[Start of Attachment]

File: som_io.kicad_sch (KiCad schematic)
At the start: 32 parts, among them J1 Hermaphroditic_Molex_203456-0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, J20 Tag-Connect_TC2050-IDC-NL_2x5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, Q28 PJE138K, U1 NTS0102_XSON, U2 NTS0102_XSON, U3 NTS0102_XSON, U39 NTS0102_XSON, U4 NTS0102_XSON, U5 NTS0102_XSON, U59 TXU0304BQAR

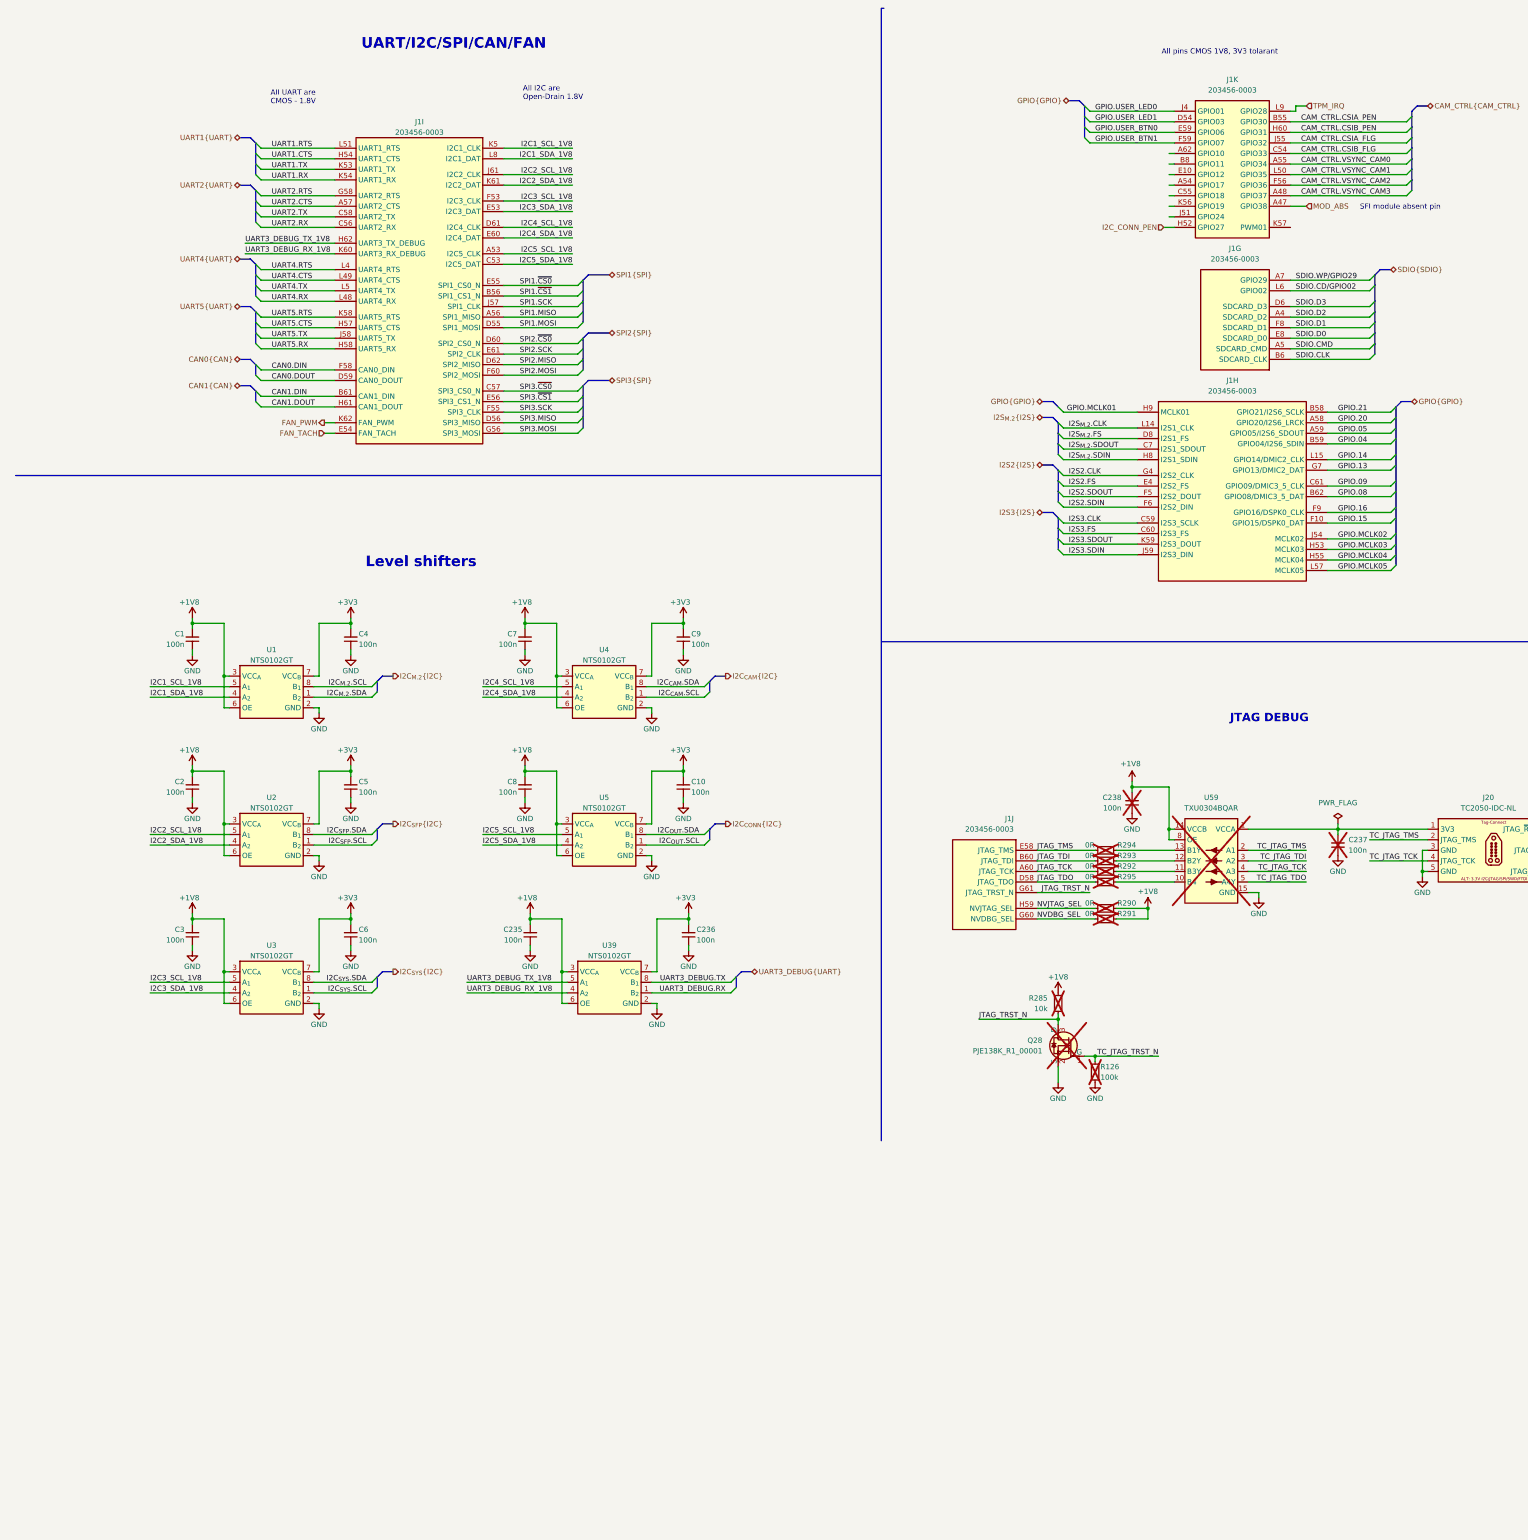
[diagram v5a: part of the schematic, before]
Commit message: [#82837] Map interfaces from AGX to Thor on SoM schematic and add level shifters for 1V8 interfaces
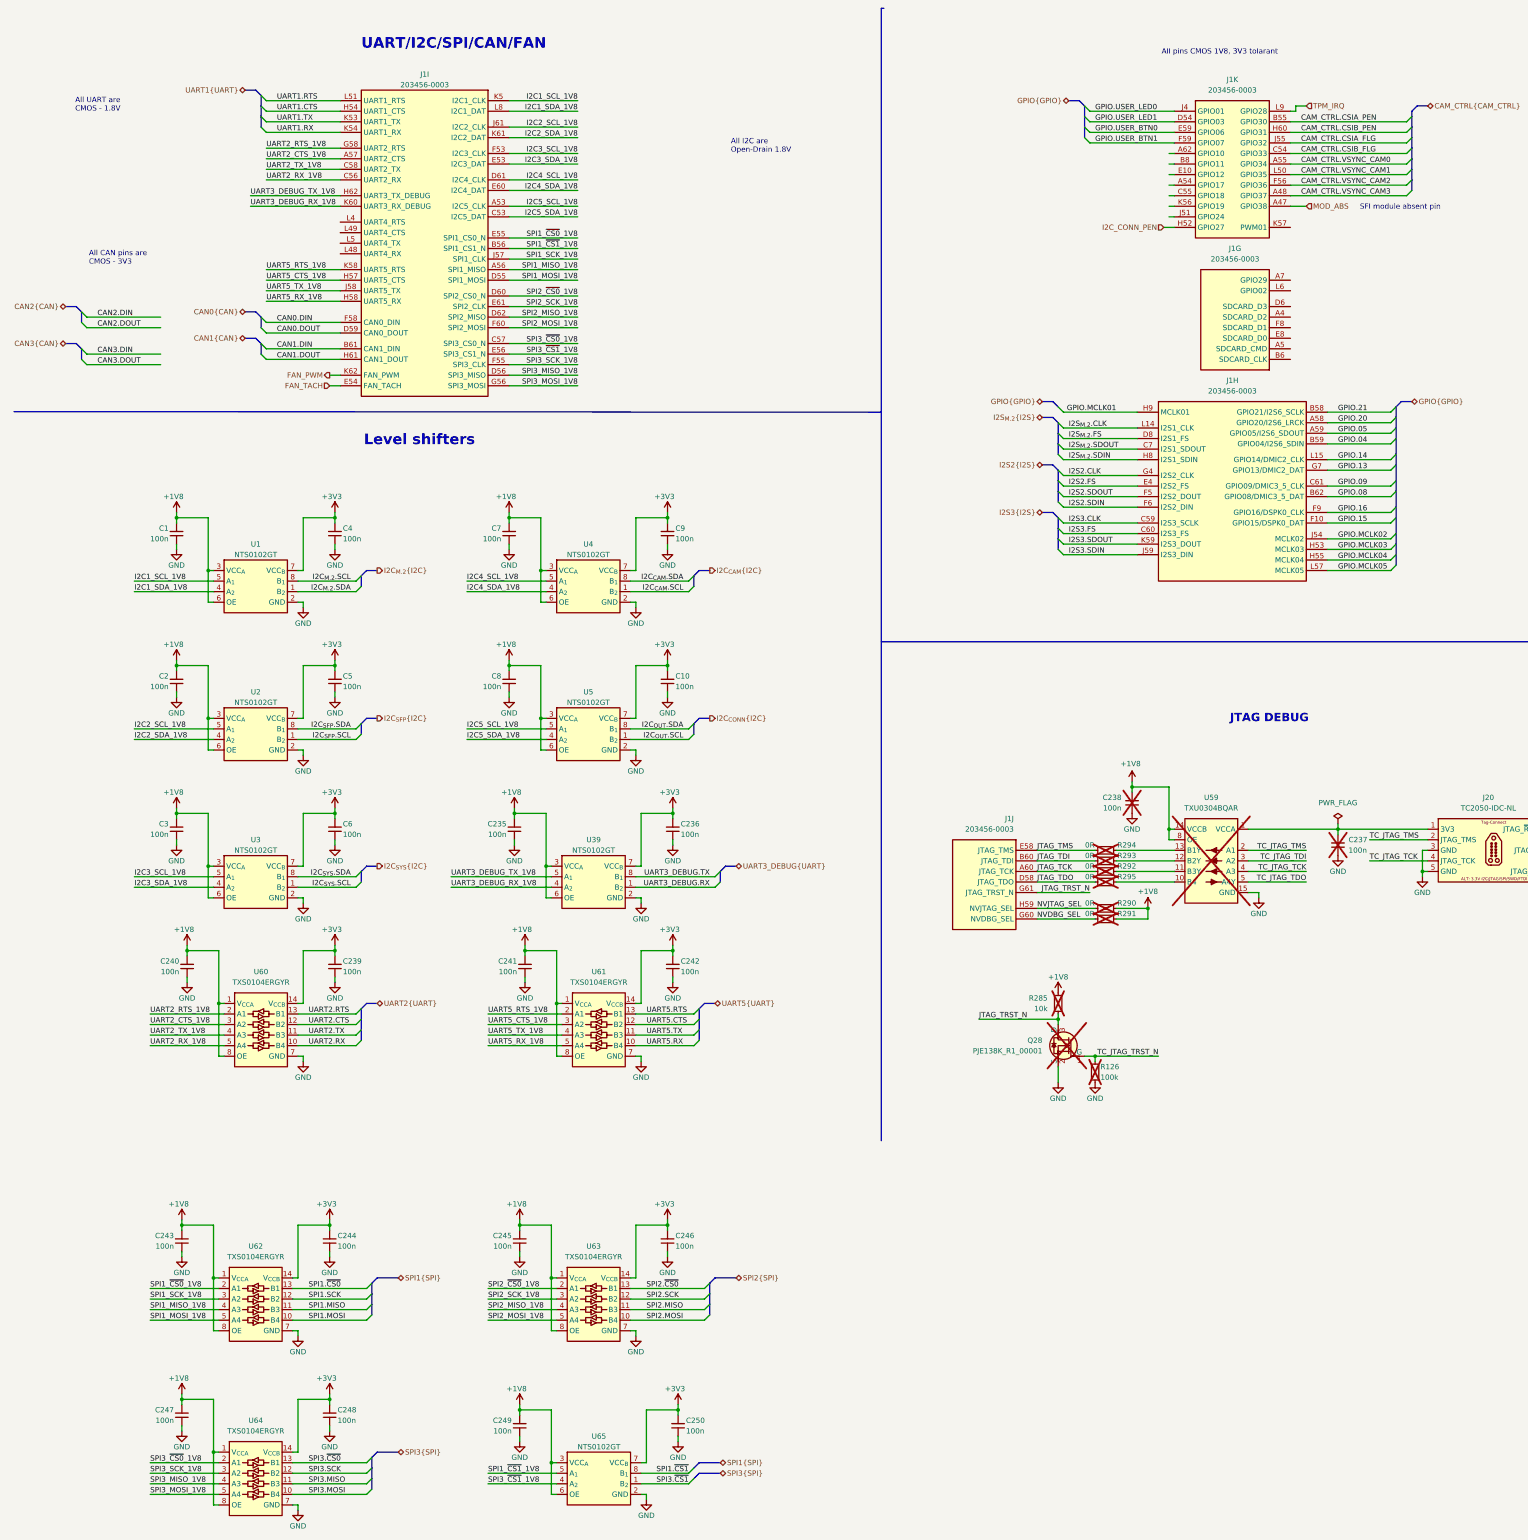
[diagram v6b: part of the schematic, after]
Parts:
- added C239, C240, C241, C242, C243, C244, C245, C246, C247, C248, C249, C250: C_100n_0402, antmicro-footprints:C_0402_1005Metric, symbol antmicroCapacitors0402:C_100n_0402
- added U60, U61, U62, U63, U64: TXS0104E_VQFN, antmicro-footprints:VQFN-14-1EP_3.65x3.65mm_P0.5mm_Layout5x2, symbol antmicroLogicTranslatorsLevelShifters:TXS0104E_VQFN
- added U65: NTS0102_XSON, antmicro-footprints:XSON-8_1x1.95mm_P0.5mm, symbol antmicroLogicTranslatorsLevelShifters:NTS0102_XSON
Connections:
- net +1V8: now also C240.2, C241.2, C243.2, C245.2, C247.2, C249.2, U60.1 (V_{CCA}), U60.8 (OE), U61.1 (V_{CCA}), U61.8 (OE), U62.1 (V_{CCA}), U62.8 (OE), U63.1 (V_{CCA}), U63.8 (OE), U64.1 (V_{CCA}), U64.8 (OE), U65.3 (VCC_{A}), U65.6 (OE)
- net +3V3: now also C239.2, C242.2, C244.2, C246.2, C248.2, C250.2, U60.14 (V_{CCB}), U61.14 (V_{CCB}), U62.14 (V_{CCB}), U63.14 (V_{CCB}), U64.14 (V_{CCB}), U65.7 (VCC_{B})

[End of Attachment]

Please print the data above in its entirety, exactly, but without any picture.

Answer box:
File: som_io.kicad_sch (KiCad schematic)
At the start: 32 parts, among them J1 Hermaphroditic_Molex_203456-0, J20 Tag-Connect_TC2050-IDC-NL_2x5, Q28 PJE138K, U1 NTS0102_XSON, U2 NTS0102_XSON, U3 NTS0102_XSON, U39 NTS0102_XSON, U4 NTS0102_XSON, U5 NTS0102_XSON, U59 TXU0304BQAR

[diagram v5a: part of the schematic, before]
Commit message: [#82837] Map interfaces from AGX to Thor on SoM schematic and add level shifters for 1V8 interfaces
[diagram v6b: part of the schematic, after]
Parts:
- added C239, C240, C241, C242, C243, C244, C245, C246, C247, C248, C249, C250: C_100n_0402, antmicro-footprints:C_0402_1005Metric, symbol antmicroCapacitors0402:C_100n_0402
- added U60, U61, U62, U63, U64: TXS0104E_VQFN, antmicro-footprints:VQFN-14-1EP_3.65x3.65mm_P0.5mm_Layout5x2, symbol antmicroLogicTranslatorsLevelShifters:TXS0104E_VQFN
- added U65: NTS0102_XSON, antmicro-footprints:XSON-8_1x1.95mm_P0.5mm, symbol antmicroLogicTranslatorsLevelShifters:NTS0102_XSON
Connections:
- net +1V8: now also C240.2, C241.2, C243.2, C245.2, C247.2, C249.2, U60.1 (V_{CCA}), U60.8 (OE), U61.1 (V_{CCA}), U61.8 (OE), U62.1 (V_{CCA}), U62.8 (OE), U63.1 (V_{CCA}), U63.8 (OE), U64.1 (V_{CCA}), U64.8 (OE), U65.3 (VCC_{A}), U65.6 (OE)
- net +3V3: now also C239.2, C242.2, C244.2, C246.2, C248.2, C250.2, U60.14 (V_{CCB}), U61.14 (V_{CCB}), U62.14 (V_{CCB}), U63.14 (V_{CCB}), U64.14 (V_{CCB}), U65.7 (VCC_{B})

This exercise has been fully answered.